The native bee quiz returns

The Native Bee Quiz first appeared here in late 2013. A few people have asked me to re-run it, so here it is. The only difference from the original is the quiz software, which allows you to see your score at the end.

Although native bees are fascinating, I always learn something about honey bees when I compare and contrast the many types of bees and their lifestyles. Honey bees are quite unusual in the bee world, and seeing how they are different from other bees—and how they are the same—tells us a lot about how they have adapted to life in a colony and how they evolved into a superorganism.

So give it a try: take the Native Bee Quiz! Just answer all the questions and then click “Submit” at the end. Your score and a short explanation of each question will appear like magic.

Honey Bee Suite

Native Bees

How many species of bees live on Earth?
Most species of bees live where?
Most female bees can sting how many times?
Male bees can sting how many times?
In which of the following ways are bees and wasps different?
Compared to humans, bees see which type of light?
Bees and dinosaurs shared the planet for about how many years?
Most bees spend the majority of their lives ...
To attract a variety of bees to your garden . . .
Genetic information is carried in the chromosomes of all animals. In bees  . . .
All bees have 4 wings, 6 legs, 5 eyes, and one stinger.
What percentage of the world's bee species make honey?
Although we often hear about the complex society within a honey bee colony, about 90 percent of bee species are solitary, meaning each female cares for her nest alone.
Most female bees have a total of 12 segments in each antenna. How many segments does a male bee have in each antenna?
Although the idea of stingless honey bees sounds appealing, stingless honey bees _____.
All female bees carry pollen to feed their young.
Some female bees carry pollen by swallowing it and regurgitating it later.
Bees and wasps don't always agree on what's for dinner. Why?
Unlike honey bees, many bees forage on just one species of plant or on a small group of related plants. This makes them especially vulnerable to:
In most bee species, the males mate only once but the females mate many times.
Photo below the Native Bee Quiz. An Andrena bee rests in the leaf litter of the forest. From a distance, some of the native bees can be confused with honey bees.

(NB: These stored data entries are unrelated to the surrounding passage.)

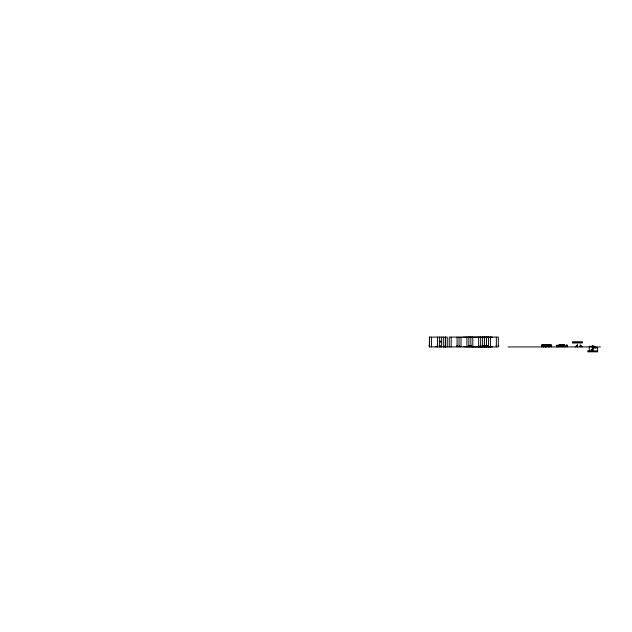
<?xml version="1.0" encoding="UTF-8"?>
<svg xmlns="http://www.w3.org/2000/svg" width="632" height="632" viewBox="0 0 632 632"><rect width="100%" height="100%" fill="white"/><g stroke="black" fill="none" stroke-linecap="round" stroke-linejoin="round"><path stroke-width="0.95" d="M445.497 346.921L445.497 337.109M445.323 346.873L445.323 344.961M557.045 346.921L558.957 345.009M575.381 346.921L577.293 345.009M462.972 337.156L492.391 337.156M468.881 337.354L471.219 337.354M482.627 337.354L488.465 337.354M441.373 342.015L440.386 342.015L440.386 341.035M572.41 342.212L582.222 342.212M429.365 344.961L429.365 346.676M445.323 345.159L445.418 346.778M541.656 345.159L551.428 345.159M558.814 345.159L564.85 345.159M566.865 345.159L566.959 346.778M580.437 345.159L580.287 346.921L580.287 345.009L582.198 346.921M541.656 345.356L551.428 345.356M559.012 345.356L564.85 345.356M429.025 345.743L429.523 345.743M437.131 345.743L437.755 345.743M439.477 345.743L439.975 345.743M456.762 345.743L457.394 345.743M459.108 345.743L459.606 345.743M468.881 345.743L471.219 345.743M478.361 345.743L478.993 345.743M480.707 345.743L481.205 345.743M482.627 345.743L488.465 345.743M496.033 345.743L496.665 345.743M498.379 345.743L498.877 345.743M468.881 345.941L470.99 345.743M482.627 345.941L488.465 345.941M468.881 346.139L470.801 346.139M482.627 346.139L488.465 346.139M541.656 346.139L545.534 346.139M546.562 346.139L548.481 346.139M549.508 346.139L551.428 346.139M557.827 346.139L564.85 346.139M576.163 346.139L577.293 346.139M580.287 346.139L581.416 346.139M437.447 346.731L435.258 346.676M443.332 346.731L445.299 346.731M463.754 346.731L472.001 346.731M508.073 346.921L600.4 346.921M593.195 347.908L597.611 347.908L597.611 351.834L587.799 351.834L587.799 350.855L597.611 350.855M592.216 349.496L591.236 349.496L591.236 350.855M556.8 346.676L556.997 344.961L556.895 346.778M595.162 348.153L595.162 346.36L589.269 346.36L589.269 350.855M593.195 350.855L593.195 345.941L592.216 345.941L592.216 350.855M592.705 345.87L592.705 346.921M564.85 346.921L564.85 344.961L559.012 344.961L558.957 346.921M562.938 344.961L562.883 346.921M560.924 344.961L560.971 346.921M551.428 346.921L551.428 344.961L541.656 344.961L541.656 346.921M549.461 344.961L549.508 346.921M548.481 344.961L548.481 346.921M547.549 344.961L547.502 345.356M546.562 344.961L546.562 346.921M545.582 344.961L545.582 346.921M545.534 344.961L545.534 346.921M496.349 337.109L496.349 346.921M492.391 346.921L472.562 346.921M490.456 337.109L490.432 346.921M488.489 337.109L488.52 346.921M486.529 337.109L486.506 346.921M484.562 337.109L484.539 346.921M482.603 337.109L482.627 346.921M480.636 337.109L480.66 346.921M478.677 337.109L478.653 346.921M472.783 337.109L472.807 346.921M470.824 337.109L470.872 346.921M468.857 337.109L468.881 346.921M466.898 337.109L466.922 346.921M461.005 337.109L461.005 346.921M459.037 337.109L459.037 346.921M457.078 337.109L457.078 346.921M451.185 337.109L451.185 346.921M449.249 346.921L449.226 337.109L498.308 337.109L498.308 346.921L429.397 346.921L429.397 337.109L447.259 337.109L447.259 346.921M445.299 337.109L445.299 346.921M443.332 337.109L443.332 346.921M441.373 337.109L441.373 346.921M440.386 345.87L440.386 346.921M439.406 337.109L439.406 346.921M437.447 337.109L437.447 346.921M431.553 337.109L431.553 346.921M429.586 337.109L429.586 346.921M567.062 346.676L566.865 344.961L567.062 346.676M582.198 342.015L572.434 342.015L572.41 342.994L582.222 342.994L582.198 342.015M577.293 344.961L577.293 346.873L577.293 344.961M543.623 346.921L543.623 344.961L543.567 346.921"/></g></svg>
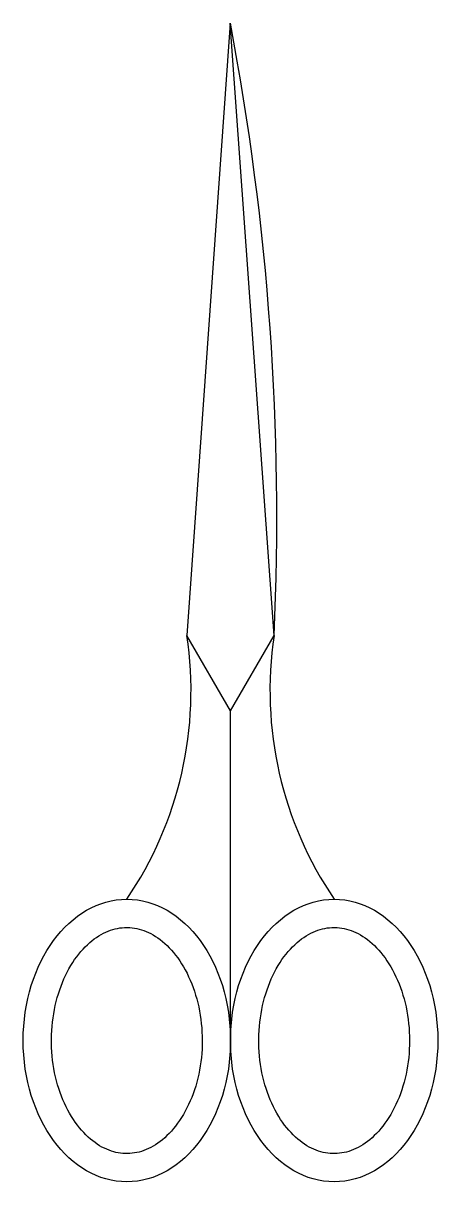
# Model space of a CAD drawing. Header units: metres. Extents: x 39 to 83, y 35 to 158.
import ezdxf

# ---------------------------------------------------------------- set-up
doc = ezdxf.new("R2010")
doc.units = ezdxf.units.M

msp = doc.modelspace()

# ---------------------------------------------------------------- linework, layer by layer
for p, q in [((60.98, 158), (56.38, 93)), ((65.62, 93), (60.98, 158)), ((61, 85), (56.38, 93)), ((61, 85), (65.62, 93)), ((61, 50), (61, 85))]:
    msp.add_line(p, q)
for centre, radius, start, end in [((-214.68, 105.67), 280.59, 357.4126, 10.7494), ((17.37, 87.16), 39.44, 325.8137, 8.5094), ((104.63, 87.16), 39.44, 171.4906, 214.1863)]:
    msp.add_arc(centre, radius, start, end)
for centre in [(50, 50), (72, 50)]:
    msp.add_ellipse(centre, major_axis=(0, 15), ratio=0.733333)
for points in [[(50, 62), (49.35, 62), (48.69, 61.88), (47.37, 61.35), (46.7, 60.95), (45.42, 59.83), (44.8, 59.12), (43.71, 57.43), (43.24, 56.45), (42.51, 54.31), (42.25, 53.15), (41.98, 50.77), (41.96, 49.54), (42.19, 47.15), (42.43, 45.98), (43.13, 43.81), (43.59, 42.81), (44.65, 41.08), (45.26, 40.34), (46.53, 39.17), (47.2, 38.74), (48.52, 38.17), (49.18, 38.02), (50.49, 37.98), (51.14, 38.08), (52.46, 38.56), (53.13, 38.94), (54.42, 40.01), (55.05, 40.69), (56.16, 42.34), (56.65, 43.3), (57.42, 45.41), (57.7, 46.55), (58.01, 48.93), (58.04, 50.15), (57.85, 52.55), (57.63, 53.73), (56.97, 55.92), (56.53, 56.94), (55.49, 58.72), (54.9, 59.48), (53.63, 60.7), (52.97, 61.16), (51.64, 61.78), (50.99, 61.95), (50.22, 62), (50.11, 62), (50, 62)], [(72, 62), (71.35, 62), (70.69, 61.88), (69.37, 61.35), (68.7, 60.95), (67.42, 59.83), (66.8, 59.12), (65.71, 57.43), (65.24, 56.45), (64.51, 54.31), (64.25, 53.15), (63.98, 50.77), (63.96, 49.54), (64.19, 47.15), (64.43, 45.98), (65.13, 43.81), (65.59, 42.81), (66.65, 41.08), (67.26, 40.34), (68.53, 39.17), (69.2, 38.74), (70.52, 38.17), (71.18, 38.02), (72.49, 37.98), (73.14, 38.08), (74.46, 38.56), (75.13, 38.94), (76.42, 40.01), (77.05, 40.69), (78.16, 42.34), (78.65, 43.3), (79.42, 45.41), (79.7, 46.55), (80.01, 48.93), (80.04, 50.15), (79.85, 52.55), (79.63, 53.73), (78.97, 55.92), (78.53, 56.94), (77.49, 58.72), (76.9, 59.48), (75.63, 60.7), (74.97, 61.16), (73.64, 61.78), (72.99, 61.95), (72.22, 62), (72.11, 62), (72, 62)]]:
    msp.add_open_spline(points, degree=3, knots=[0, 0, 0, 0, 0.283416, 0.283416, 0.566832, 0.566832, 0.850249, 0.850249, 1.133665, 1.133665, 1.417081, 1.417081, 1.700497, 1.700497, 1.983913, 1.983913, 2.26733, 2.26733, 2.550746, 2.550746, 2.834162, 2.834162, 3.117578, 3.117578, 3.400994, 3.400994, 3.684411, 3.684411, 3.967827, 3.967827, 4.251243, 4.251243, 4.534659, 4.534659, 4.818076, 4.818076, 5.101492, 5.101492, 5.384908, 5.384908, 5.668324, 5.668324, 5.95174, 5.95174, 6.235157, 6.235157, 6.283185, 6.283185, 6.283185, 6.283185])

doc.saveas('drawing.dxf')
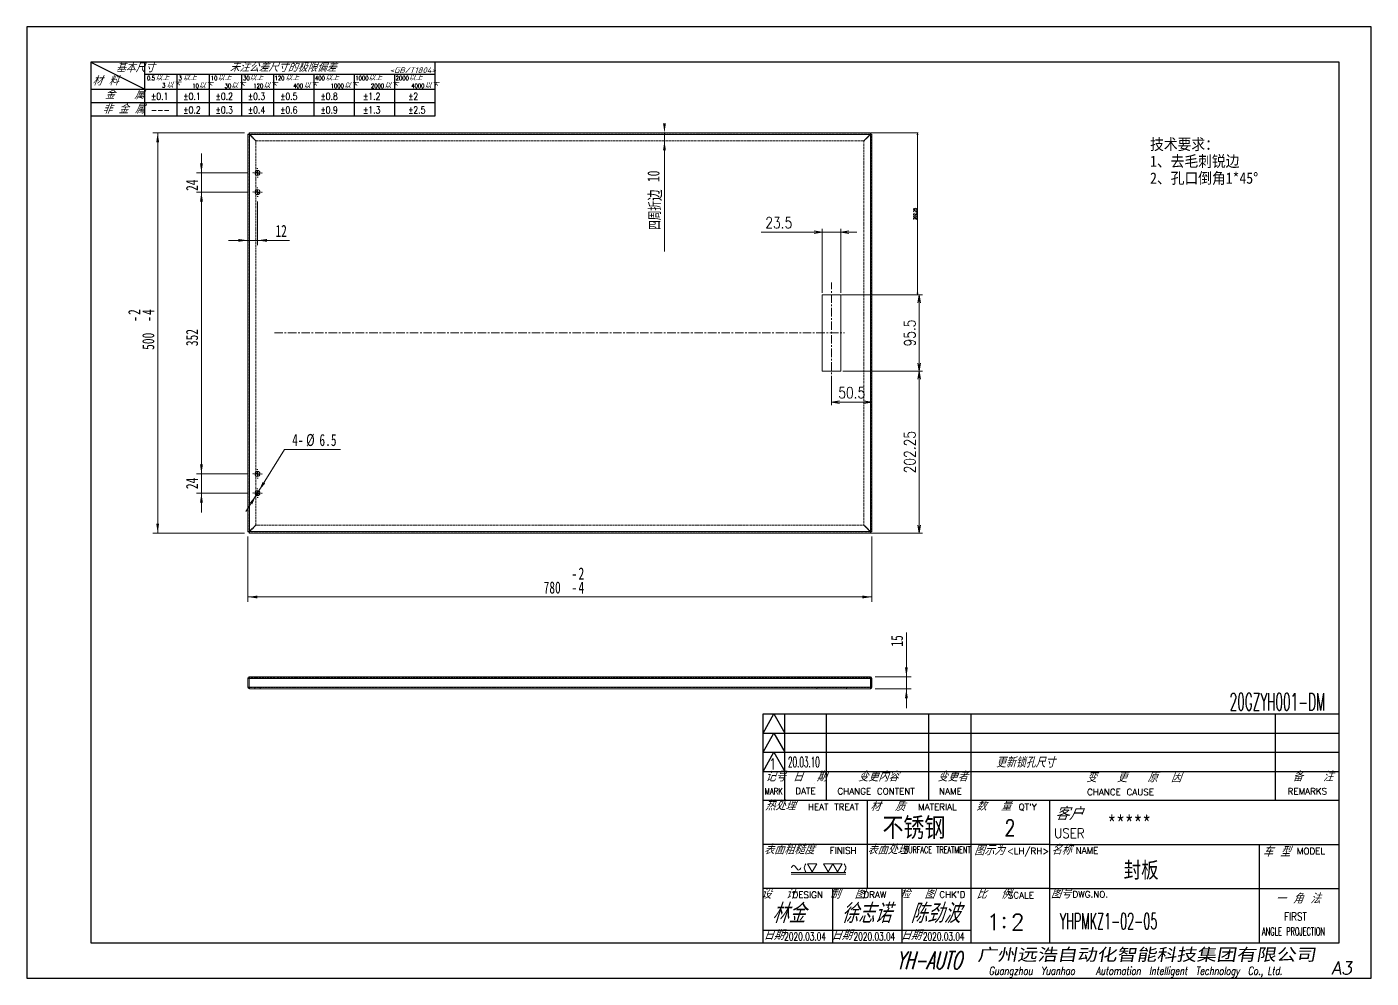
# Model space of a CAD drawing. Header units: millimetres. Extents: x 26565 to 28245, y -18725 to -16942.
# Drawn here: x 26565 to 28245, y -18725 to -17537 of the extents above; entities that cross this region are included whole.
import ezdxf
from ezdxf.enums import TextEntityAlignment as Align

# ---------------------------------------------------------------- set-up
doc = ezdxf.new("R2010")
doc.units = ezdxf.units.MM
doc.header["$PDMODE"] = 35
for name, pattern in [('AM_ISO02W050x2', [3.75, 3, -0.75]), ('CENTERX2', [20.32, 12.7, -2.54, 2.54, -2.54]), ('HIDDEN', [1.905, 1.27, -0.635])]:
    doc.linetypes.add(name, pattern=pattern)
for name, color, linetype, lineweight in [('DIM', 3, 'Continuous', 20), ('DRAWING', 7, 'Continuous', 35), ('HIDDEN', 1, 'AM_ISO02W050x2', 18), ('MAIDI', 7, 'Continuous', 0), ('标注线', 3, 'Continuous', 25)]:
    doc.layers.add(name, color=color, linetype=linetype, lineweight=lineweight)
doc.layers.add('图\\M+19E79\\M+195B6\\M+18E9A', color=7, linetype='Continuous')
doc.layers.add('标注', color=5, linetype='Continuous')
doc.styles.add('DIM', font='romans.shx', dxfattribs={"width": 0.8, "bigfont": 'bigfont.shx'})
doc.styles.add('GB', font='gbeitc.shx', dxfattribs={"bigfont": 'gbcbig.shx'})
doc.styles.add('hzdkt', font='simplex.shx')
doc.styles.add('SLDTEXTSTYLE0', font='TXT', dxfattribs={"width": 0.7, "bigfont": 'bigfont'})
doc.styles.add('SLDTEXTSTYLE1', font='TXT', dxfattribs={"width": 0.7})
doc.styles.get("Standard").update_dxf_attribs({"font": 'txt.shx', "width": 0.8, "oblique": 20, "bigfont": 'bigfont.shx'})
doc.styles.add('宋体', font='', dxfattribs={"width": 0.8, "height": 5})
doc.styles.add('标题\\M+18E9A', font='romand.shx', dxfattribs={"oblique": 10, "bigfont": 'bigfont.shx'})
doc.styles.add('标题栏字体', font='romans.shx', dxfattribs={"oblique": 10, "bigfont": 'bigfont.shx'})
doc.styles.get('宋体').set_extended_font_data('SimSun')
doc.dimstyles.new('YH 1-1', dxfattribs={"dimtxt": 3.5, "dimasz": 2.5, "dimexe": 1, "dimexo": 0.625, "dimgap": 1.2, "dimtad": 3, "dimzin": 9, "dimdsep": 46, "dimtxsty": 'DIM', "dimblk": 'OPEN', "dimcen": 0, "dimclrd": 8, "dimclre": 8, "dimclrt": 2, "dimazin": 2, "dimtfac": 0.5, "dimtmove": 0, "dimatfit": 3, "dimldrblk": 'OPEN', "dimfxl": 0, "dimtolj": 2, "dimlwd": 13, "dimlwe": 13, "dimarcsym": 0})
doc.dimstyles.new('YH 1-4', dxfattribs={"dimscale": 4, "dimtxt": 3.5, "dimasz": 2.5, "dimexe": 1, "dimexo": 0.625, "dimgap": 1.2, "dimtad": 3, "dimdsep": 46, "dimtxsty": 'DIM', "dimblk": 'OPEN', "dimcen": 0, "dimclrd": 8, "dimclre": 8, "dimclrt": 2, "dimazin": 2, "dimtfac": 0.5, "dimtmove": 0, "dimatfit": 3, "dimldrblk": 'OPEN', "dimfxl": 0, "dimtolj": 2, "dimlwd": 13, "dimlwe": 13, "dimarcsym": 0})

# ---------------------------------------------------------------- blocks, each defined once
blk = doc.blocks.new('FINISH_012')
at = {"layer": 'DIM'}
for p, q in [((-22.04, -7.78), (-5, -7.78)), ((-22.04, -8.28), (-5, -8.28)), ((-16.94, -5), (-14.06, -5)), ((-15.5, -7.5), (-16.94, -5)), ((-14.06, -5), (-15.5, -7.5)), ((-11.94, -5), (-9.06, -5)), ((-10.5, -7.5), (-11.94, -5)), ((-9.06, -5), (-10.5, -7.5)), ((-7.61, -7.5), (-9.06, -5)), ((-9.06, -5), (-6.17, -5)), ((-6.17, -5), (-7.61, -7.5))]:
    blk.add_line(p, q, dxfattribs=at)
for points in [[(-22, -6.25), (-21.25, -5.5), (-20.5, -6.25), (-19.75, -7), (-19, -6.25)], [(-17.5, -5), (-18, -6.25), (-17.5, -7.5)], [(-5.5, -5), (-5, -6.25), (-5.5, -7.5)]]:
    blk.add_spline(points, degree=3, dxfattribs=at)
blk = doc.blocks.new('YH A3')
at = {"layer": 'Defpoints', "linetype": 'Continuous'}
for p, q in [((0, 297), (0, 0)), ((420, 297), (0, 297)), ((420, 0), (420, 297)), ((0, 0), (420, 0))]:
    blk.add_line(p, q, dxfattribs=at)
at = {"layer": '图\\M+19E79\\M+195B6\\M+18E9A', "linetype": 'Continuous'}
for p, q in [((20, 286), (20, 11)), ((410, 286), (20, 286)), ((410, 11), (410, 286)), ((20, 11), (410, 11))]:
    blk.add_line(p, q, dxfattribs=at)
at = {"layer": '图\\M+19E79\\M+195B6\\M+18E9A', "color": 9}
for p, q in [((20, 286), (36.88, 277.54)), ((36.88, 269.2), (36.88, 286)), ((127.6, 269.2), (127.6, 286)), ((36.88, 282.22), (127.6, 282.22)), ((46.96, 269.2), (46.96, 282.22)), ((57.04, 269.2), (57.04, 282.22)), ((67.12, 269.2), (67.12, 282.22)), ((77.2, 269.2), (77.2, 282.22)), ((89.8, 269.2), (89.8, 282.22)), ((102.4, 269.2), (102.4, 282.22)), ((115, 269.2), (115, 282.22)), ((20, 277.54), (127.6, 277.54)), ((20, 273.37), (127.6, 273.37)), ((20, 269.2), (127.6, 269.2)), ((230, 82.5), (410, 82.5)), ((230, 76.5), (233.43, 82.5)), ((233.43, 82.5), (236.86, 76.5)), ((236.86, 55.5), (236.86, 82.5)), ((249.86, 55.5), (249.86, 82.5)), ((281.86, 55.5), (281.86, 82.5)), ((390, 82.5), (390, 55.5)), ((230, 76.5), (410, 76.5)), ((230, 70.5), (233.43, 76.5)), ((233.43, 76.5), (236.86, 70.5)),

An Andrena bee rests in the leaf litter of the forest. From a distance, some of the native bees can be confused with honey bees. © Rusty Burlew.


  • I think your answer to 90% of solitary bees rear alone is incorrect as “True”, and should be “False”, because of Eusocial solitary bees. Whilst many solitary bees rear alone, there is a lot of nest sharing and other social dynamics between solitary bees at times, thus the correct answer with the way you worded the question cannot be “True”, but only “False” (as long as even one solitary bee does nest sharing it has to be “True” as worded).

    • Chris,

      Your phrase “eusocial solitary bees” is an oxymoron because eusocial and solitary are exact opposites. There is no such thing as “eusocial solitary.” Eusocial means completely or perfectly social. The group includes the honey bees, bumble bees, a few isolated sweat bees, and stingless bees where there is a division of labor between castes. There are lesser degrees of sociality, including communal (who share a nest entrance) and semi-social (bees that cooperate within the nest to get things done).

      Bees that live in large aggregations are generally not considered social because, although the nests are close together, each one is handled separately, much like living in a housing development. Remember that even if 90% of bees are solitary, that leaves 10% (2000 species) that are not solitary. That is still a lot.

      So far, 91.7% of respondents got this question right. It might help to re-read the definition of eusocial. My answers stands as is.

  • Loved the quiz! Since learning your tip to distinguish bee from fly by antenna length, I’ve been noticing so many native bees in our garden. What variety! Such fun!

    • Sarah,

      It is fun, and I’m still sometimes surprised to discover what is a bee and what is a fly. You learn so much when you look!

  • 70%. Yeah! I would not have had that if I had not already learned so much from your site, Rusty. Thanks so much for making learning fun.